Easiest way to find the polynomial satisfied by a continued fraction representation

Question

Given a repeating simple continued fraction $x = [a_{0};a_{1}, \ldots]$, what is the easiest way to find the (quadratic) polynomial satisfied by it? Certainly, you can just do it by hand. For example, the number $x = [\overline{2}]$ satisfies the equation $x = 2 + \frac{1}{x}$, which is straightforward to manipulate into a quadratic. What I am looking for is a formula - a direct way to write down the polynomial without having to do the calculation. I can't seem to find a reference for this, but I suspect it exists somewhere. Thanks!

Answer 1

For a purely periodic cf of even length there is a sort of answer. For a "partial quotient" $a_i = \delta$ we are given the two by two matrix $$ \left( \begin{array}{cc} 0 & 1 \\ 1 & \delta \end{array} \right) $$ Notice that the determinant is $-1.$ The product of an even number of these ( each new one goes on the right) gives a product with determinant $+1.$ Call this $P.$ The quadratic form you want has Hessian matrix $H,$ currently not known.

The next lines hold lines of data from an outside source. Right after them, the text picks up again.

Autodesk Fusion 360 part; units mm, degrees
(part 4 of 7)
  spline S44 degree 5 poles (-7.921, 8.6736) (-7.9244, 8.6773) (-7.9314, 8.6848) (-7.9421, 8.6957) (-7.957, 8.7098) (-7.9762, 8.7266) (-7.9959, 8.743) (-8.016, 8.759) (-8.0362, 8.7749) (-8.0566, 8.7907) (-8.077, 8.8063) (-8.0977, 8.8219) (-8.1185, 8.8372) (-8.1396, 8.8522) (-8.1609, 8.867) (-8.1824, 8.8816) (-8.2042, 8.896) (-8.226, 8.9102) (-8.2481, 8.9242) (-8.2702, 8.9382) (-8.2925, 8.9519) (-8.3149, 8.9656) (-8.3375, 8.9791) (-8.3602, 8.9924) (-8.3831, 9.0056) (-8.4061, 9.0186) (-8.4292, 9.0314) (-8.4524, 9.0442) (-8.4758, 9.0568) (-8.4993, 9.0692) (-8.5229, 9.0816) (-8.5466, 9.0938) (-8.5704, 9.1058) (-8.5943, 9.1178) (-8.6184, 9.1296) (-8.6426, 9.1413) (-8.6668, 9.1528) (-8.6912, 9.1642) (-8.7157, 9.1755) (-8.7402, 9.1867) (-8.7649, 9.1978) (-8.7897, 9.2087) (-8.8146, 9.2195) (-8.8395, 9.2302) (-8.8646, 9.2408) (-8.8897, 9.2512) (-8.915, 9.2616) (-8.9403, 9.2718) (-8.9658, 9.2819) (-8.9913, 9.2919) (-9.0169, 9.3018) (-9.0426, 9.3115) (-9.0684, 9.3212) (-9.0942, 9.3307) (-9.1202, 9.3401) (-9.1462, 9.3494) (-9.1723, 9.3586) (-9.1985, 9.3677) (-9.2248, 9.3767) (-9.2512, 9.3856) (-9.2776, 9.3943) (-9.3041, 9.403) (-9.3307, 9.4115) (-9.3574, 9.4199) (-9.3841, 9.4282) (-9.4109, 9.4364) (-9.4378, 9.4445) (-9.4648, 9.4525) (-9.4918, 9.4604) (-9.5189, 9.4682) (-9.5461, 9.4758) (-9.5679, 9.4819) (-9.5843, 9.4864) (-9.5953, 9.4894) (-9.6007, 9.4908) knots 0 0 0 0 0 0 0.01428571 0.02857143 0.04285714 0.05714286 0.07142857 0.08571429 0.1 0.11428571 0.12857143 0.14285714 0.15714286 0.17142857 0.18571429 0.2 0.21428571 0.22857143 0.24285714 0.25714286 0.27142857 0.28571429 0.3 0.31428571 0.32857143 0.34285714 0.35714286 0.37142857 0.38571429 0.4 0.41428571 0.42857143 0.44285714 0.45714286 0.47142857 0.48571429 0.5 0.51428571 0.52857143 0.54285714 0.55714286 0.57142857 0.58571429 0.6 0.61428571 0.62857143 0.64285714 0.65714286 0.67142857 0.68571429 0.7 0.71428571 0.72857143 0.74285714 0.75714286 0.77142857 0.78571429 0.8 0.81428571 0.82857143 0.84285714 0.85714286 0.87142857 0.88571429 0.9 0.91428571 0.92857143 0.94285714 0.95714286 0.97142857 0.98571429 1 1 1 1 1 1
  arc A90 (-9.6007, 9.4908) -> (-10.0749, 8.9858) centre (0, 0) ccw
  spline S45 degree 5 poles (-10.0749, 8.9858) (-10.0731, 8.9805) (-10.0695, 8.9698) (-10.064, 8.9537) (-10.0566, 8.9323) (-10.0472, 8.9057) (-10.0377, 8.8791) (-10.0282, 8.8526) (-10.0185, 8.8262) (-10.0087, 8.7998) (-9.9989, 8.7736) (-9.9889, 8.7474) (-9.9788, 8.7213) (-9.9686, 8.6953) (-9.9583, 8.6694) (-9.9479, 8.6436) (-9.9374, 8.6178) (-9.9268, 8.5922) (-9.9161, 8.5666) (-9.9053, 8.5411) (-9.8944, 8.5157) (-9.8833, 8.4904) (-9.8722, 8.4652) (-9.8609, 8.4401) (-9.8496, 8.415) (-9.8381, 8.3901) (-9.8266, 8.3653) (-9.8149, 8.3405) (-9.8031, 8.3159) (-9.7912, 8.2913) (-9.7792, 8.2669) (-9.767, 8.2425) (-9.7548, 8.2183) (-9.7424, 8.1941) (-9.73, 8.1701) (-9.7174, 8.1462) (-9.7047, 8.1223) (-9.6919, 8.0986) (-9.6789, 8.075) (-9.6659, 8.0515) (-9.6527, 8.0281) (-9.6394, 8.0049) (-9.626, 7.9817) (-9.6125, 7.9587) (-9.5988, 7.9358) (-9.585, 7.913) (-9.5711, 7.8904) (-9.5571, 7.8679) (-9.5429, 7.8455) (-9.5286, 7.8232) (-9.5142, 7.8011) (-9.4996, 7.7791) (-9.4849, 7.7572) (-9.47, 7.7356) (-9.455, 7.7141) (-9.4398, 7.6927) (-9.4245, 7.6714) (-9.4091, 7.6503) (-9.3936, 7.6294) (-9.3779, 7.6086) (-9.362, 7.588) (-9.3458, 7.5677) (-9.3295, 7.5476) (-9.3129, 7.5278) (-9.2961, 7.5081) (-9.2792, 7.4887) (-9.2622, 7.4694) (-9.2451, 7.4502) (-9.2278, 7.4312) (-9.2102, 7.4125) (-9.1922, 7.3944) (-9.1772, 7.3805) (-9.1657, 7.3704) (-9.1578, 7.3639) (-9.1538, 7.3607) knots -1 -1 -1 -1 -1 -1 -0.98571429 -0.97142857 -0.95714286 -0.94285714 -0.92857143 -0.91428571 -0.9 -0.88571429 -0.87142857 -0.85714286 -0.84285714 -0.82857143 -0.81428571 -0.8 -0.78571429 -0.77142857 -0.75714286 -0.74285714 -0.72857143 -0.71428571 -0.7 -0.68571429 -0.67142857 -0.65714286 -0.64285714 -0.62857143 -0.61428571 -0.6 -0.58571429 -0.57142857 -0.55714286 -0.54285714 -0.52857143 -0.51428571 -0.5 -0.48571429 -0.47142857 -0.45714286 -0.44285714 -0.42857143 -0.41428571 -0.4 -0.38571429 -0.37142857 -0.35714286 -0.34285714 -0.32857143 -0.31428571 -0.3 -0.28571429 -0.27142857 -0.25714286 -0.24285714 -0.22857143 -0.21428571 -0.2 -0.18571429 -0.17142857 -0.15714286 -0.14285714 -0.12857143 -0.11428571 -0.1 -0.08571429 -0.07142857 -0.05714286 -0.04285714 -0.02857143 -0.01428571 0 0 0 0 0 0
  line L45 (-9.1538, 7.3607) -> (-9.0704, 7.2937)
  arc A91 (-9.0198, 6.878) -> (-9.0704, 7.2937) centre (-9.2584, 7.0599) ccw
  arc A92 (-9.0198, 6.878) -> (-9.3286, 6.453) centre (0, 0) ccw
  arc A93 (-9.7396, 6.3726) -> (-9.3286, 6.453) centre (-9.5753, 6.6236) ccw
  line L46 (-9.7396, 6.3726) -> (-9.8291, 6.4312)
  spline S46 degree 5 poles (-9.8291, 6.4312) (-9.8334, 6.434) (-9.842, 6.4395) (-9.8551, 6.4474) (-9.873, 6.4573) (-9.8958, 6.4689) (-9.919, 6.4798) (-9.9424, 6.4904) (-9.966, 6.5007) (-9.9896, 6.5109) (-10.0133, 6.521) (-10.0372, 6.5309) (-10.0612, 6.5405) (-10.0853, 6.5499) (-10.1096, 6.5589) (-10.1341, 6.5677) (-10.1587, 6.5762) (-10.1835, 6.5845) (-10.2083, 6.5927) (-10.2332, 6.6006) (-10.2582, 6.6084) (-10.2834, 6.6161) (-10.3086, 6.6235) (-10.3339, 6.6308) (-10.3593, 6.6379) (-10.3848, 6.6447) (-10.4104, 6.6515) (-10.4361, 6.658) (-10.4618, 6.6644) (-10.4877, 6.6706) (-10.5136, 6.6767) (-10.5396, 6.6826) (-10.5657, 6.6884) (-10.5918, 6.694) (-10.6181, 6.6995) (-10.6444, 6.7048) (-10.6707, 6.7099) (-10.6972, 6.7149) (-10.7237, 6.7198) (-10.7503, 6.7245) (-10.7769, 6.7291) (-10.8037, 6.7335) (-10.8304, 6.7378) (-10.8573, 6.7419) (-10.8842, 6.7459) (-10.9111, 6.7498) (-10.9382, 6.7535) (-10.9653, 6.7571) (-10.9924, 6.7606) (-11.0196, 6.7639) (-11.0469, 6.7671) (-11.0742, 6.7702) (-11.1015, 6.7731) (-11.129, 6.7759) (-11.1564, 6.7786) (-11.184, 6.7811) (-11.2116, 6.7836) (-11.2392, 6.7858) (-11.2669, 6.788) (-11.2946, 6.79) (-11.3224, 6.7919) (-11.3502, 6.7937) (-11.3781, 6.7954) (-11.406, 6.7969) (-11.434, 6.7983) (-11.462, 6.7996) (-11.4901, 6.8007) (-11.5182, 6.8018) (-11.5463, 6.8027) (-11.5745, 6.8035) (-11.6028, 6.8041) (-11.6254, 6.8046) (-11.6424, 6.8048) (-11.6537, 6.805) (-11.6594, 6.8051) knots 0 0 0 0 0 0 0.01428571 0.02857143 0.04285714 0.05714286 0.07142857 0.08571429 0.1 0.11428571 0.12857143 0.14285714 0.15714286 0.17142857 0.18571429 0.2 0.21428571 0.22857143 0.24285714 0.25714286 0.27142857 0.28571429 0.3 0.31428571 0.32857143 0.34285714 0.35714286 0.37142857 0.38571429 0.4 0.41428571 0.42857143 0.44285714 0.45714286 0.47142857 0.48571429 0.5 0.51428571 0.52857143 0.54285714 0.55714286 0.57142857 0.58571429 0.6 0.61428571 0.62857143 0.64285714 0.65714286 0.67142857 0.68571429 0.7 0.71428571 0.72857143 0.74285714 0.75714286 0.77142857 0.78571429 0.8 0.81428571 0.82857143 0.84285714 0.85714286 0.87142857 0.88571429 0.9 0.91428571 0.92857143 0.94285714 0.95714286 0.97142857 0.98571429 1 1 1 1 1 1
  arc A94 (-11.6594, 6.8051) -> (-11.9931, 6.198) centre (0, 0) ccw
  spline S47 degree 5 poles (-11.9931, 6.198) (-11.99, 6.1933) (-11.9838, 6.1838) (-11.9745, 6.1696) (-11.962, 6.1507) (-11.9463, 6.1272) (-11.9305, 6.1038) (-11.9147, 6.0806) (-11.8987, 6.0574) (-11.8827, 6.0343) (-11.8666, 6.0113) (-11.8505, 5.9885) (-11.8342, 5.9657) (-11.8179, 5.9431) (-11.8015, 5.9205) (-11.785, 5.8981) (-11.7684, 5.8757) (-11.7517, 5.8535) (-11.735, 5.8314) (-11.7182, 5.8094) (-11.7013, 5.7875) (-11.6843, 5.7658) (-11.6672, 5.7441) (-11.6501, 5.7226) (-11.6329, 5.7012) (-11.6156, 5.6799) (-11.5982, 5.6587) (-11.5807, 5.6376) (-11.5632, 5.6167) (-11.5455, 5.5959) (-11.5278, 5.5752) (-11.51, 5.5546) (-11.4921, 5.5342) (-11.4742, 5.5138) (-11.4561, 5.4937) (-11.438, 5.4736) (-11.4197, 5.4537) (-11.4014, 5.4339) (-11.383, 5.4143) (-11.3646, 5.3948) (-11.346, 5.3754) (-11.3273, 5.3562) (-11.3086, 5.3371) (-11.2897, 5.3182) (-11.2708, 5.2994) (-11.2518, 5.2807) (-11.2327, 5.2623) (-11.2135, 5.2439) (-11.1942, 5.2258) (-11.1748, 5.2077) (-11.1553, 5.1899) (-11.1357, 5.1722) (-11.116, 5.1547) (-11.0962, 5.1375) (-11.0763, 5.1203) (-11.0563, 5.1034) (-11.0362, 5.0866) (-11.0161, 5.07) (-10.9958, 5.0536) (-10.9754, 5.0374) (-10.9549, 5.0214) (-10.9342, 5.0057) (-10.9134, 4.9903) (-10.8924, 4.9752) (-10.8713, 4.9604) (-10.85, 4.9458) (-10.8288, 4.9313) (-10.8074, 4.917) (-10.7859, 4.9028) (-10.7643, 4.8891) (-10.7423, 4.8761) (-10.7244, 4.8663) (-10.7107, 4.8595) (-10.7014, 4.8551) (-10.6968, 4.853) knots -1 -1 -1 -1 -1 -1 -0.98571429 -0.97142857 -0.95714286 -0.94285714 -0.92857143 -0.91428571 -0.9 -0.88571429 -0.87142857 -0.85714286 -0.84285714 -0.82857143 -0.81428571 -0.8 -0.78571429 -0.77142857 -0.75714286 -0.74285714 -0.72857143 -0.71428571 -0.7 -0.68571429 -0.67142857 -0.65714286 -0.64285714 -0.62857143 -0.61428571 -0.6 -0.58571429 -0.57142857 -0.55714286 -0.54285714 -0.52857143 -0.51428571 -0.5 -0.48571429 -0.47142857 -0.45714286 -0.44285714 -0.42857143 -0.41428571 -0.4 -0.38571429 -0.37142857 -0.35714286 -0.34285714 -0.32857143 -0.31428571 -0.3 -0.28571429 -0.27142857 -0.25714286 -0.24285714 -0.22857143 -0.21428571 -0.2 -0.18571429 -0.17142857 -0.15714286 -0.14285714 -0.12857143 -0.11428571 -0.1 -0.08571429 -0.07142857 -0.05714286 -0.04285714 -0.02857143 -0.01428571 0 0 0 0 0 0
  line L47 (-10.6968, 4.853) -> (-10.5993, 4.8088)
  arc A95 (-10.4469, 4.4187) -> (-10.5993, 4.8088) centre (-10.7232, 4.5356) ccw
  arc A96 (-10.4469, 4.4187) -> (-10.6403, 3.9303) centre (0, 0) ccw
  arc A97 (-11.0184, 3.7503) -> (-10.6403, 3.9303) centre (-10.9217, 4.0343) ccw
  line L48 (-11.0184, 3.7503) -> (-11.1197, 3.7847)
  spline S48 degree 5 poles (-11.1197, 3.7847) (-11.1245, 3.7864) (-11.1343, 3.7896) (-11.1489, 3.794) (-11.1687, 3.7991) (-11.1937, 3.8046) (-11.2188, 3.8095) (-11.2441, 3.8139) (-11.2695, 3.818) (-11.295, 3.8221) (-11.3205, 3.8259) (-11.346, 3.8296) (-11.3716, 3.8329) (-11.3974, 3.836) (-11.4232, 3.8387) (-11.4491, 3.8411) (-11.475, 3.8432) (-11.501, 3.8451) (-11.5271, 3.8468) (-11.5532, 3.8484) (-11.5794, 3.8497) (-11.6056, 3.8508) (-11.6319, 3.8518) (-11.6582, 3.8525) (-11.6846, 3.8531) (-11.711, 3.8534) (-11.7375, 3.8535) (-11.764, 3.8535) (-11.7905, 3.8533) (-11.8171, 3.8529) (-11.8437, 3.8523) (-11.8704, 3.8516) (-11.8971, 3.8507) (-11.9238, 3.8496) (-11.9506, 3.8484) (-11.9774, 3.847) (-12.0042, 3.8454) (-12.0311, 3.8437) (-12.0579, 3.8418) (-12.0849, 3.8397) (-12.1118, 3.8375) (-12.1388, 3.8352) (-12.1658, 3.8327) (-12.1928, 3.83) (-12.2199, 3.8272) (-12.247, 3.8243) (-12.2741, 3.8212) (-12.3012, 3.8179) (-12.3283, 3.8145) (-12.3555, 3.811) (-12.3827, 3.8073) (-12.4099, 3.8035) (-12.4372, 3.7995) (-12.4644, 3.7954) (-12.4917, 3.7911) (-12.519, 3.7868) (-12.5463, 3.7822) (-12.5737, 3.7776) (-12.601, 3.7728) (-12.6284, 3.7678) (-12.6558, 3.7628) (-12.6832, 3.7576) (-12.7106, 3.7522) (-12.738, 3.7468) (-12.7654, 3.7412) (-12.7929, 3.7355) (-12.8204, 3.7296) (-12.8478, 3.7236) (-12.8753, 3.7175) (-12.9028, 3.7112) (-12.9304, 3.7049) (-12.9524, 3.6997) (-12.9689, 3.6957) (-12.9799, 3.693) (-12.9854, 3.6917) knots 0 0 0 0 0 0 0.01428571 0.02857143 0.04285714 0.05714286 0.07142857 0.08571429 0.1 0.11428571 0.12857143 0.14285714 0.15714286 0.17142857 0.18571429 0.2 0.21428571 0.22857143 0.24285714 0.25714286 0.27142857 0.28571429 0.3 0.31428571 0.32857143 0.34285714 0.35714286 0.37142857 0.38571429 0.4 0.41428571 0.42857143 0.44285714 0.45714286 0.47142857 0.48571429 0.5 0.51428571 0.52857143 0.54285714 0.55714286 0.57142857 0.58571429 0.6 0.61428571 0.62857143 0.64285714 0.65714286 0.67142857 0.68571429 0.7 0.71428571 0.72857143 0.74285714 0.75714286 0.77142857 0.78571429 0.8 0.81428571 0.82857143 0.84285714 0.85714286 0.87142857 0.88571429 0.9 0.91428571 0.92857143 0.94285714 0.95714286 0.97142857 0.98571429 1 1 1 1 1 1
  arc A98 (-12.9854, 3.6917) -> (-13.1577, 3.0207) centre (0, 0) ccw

The relation is $$ P^T H P = H; $$ we call $P$ an automorphism matrix.

In the other direction, given a quadratic form $f(x,y) = A x^2 + B xy + C y^2$ with Hessian matrix $H,$ many number theory books show how to use the (smallest positive) solution of $\tau^2 - \Delta \sigma^2 = 4$ to construct $P,$ where $\Delta = B^2 - 4 AC $ is positive but not a square.

My favorite book on this is Binary Quadratic Forms by Duncan A. Buell.

Answer 2

I don't think it can be done.

Say the periodic part of $x=[0; a_1,\dots]$ is $a_1,\dots,a_n$. Then you have $x=[0; a_1,\dots,a_n,x]$. By the usual formulas with the $p_j$ and the $q_j$, you can manipulate this into $x=(ax+b)/(cx+d)$ for some integers $a,b,c,d$, and then solve the quadratic. I doubt you can do any better than this, in general.

Answer 3

I think I've come up with a roughly satisfying answer. As Gerry Myerson pointed out, if we can write $x = [\overline{a_{1}; a_{2}, \ldots a_{n}}]$, (i.e. assuming the expansion for $x$ is purely periodic) then we can also write $x = [a_{1};a_{2}, \ldots a_{n},x]$. That means, by the usual recurrence relation of the convergents, $x = \frac{xp_{n} + p_{n-1}}{xq_{n} + q_{n-1}}$. This gives a relatively simple equation to solve, regardless of how large $n$ is. However, there is a determinant formula for the convergents of a continued fraction (http://mathworld.wolfram.com/Convergent.html). Specifically, $p_{n}$ is the determinant of the tridiagonal matrix $\left| \begin{matrix} a_{1} & -1 & 0 & \ldots \\ 1 & a_{2} & -1 & \ldots \\ 0 & 1 & a_{3} & \ldots \\ \ldots & \ldots & \ldots & \ldots \end{matrix} \right|$. You can combine these to give a reasonably closed formula for the equation satisfied by $x$.

Edit: Corrected thanks to the comment below - this seems to work directly only for pure periodic continued fractions. I can see one other very special case:

If $x = [a_{1};\overline{a_{2}}]$ and $[a_{2};\overline{a_{2}}]$ is a root of $f(t)$, then $x$ is a root of $f(t-a_{1}+a_{2})$. But I don't immediately see how to generalize past that special case.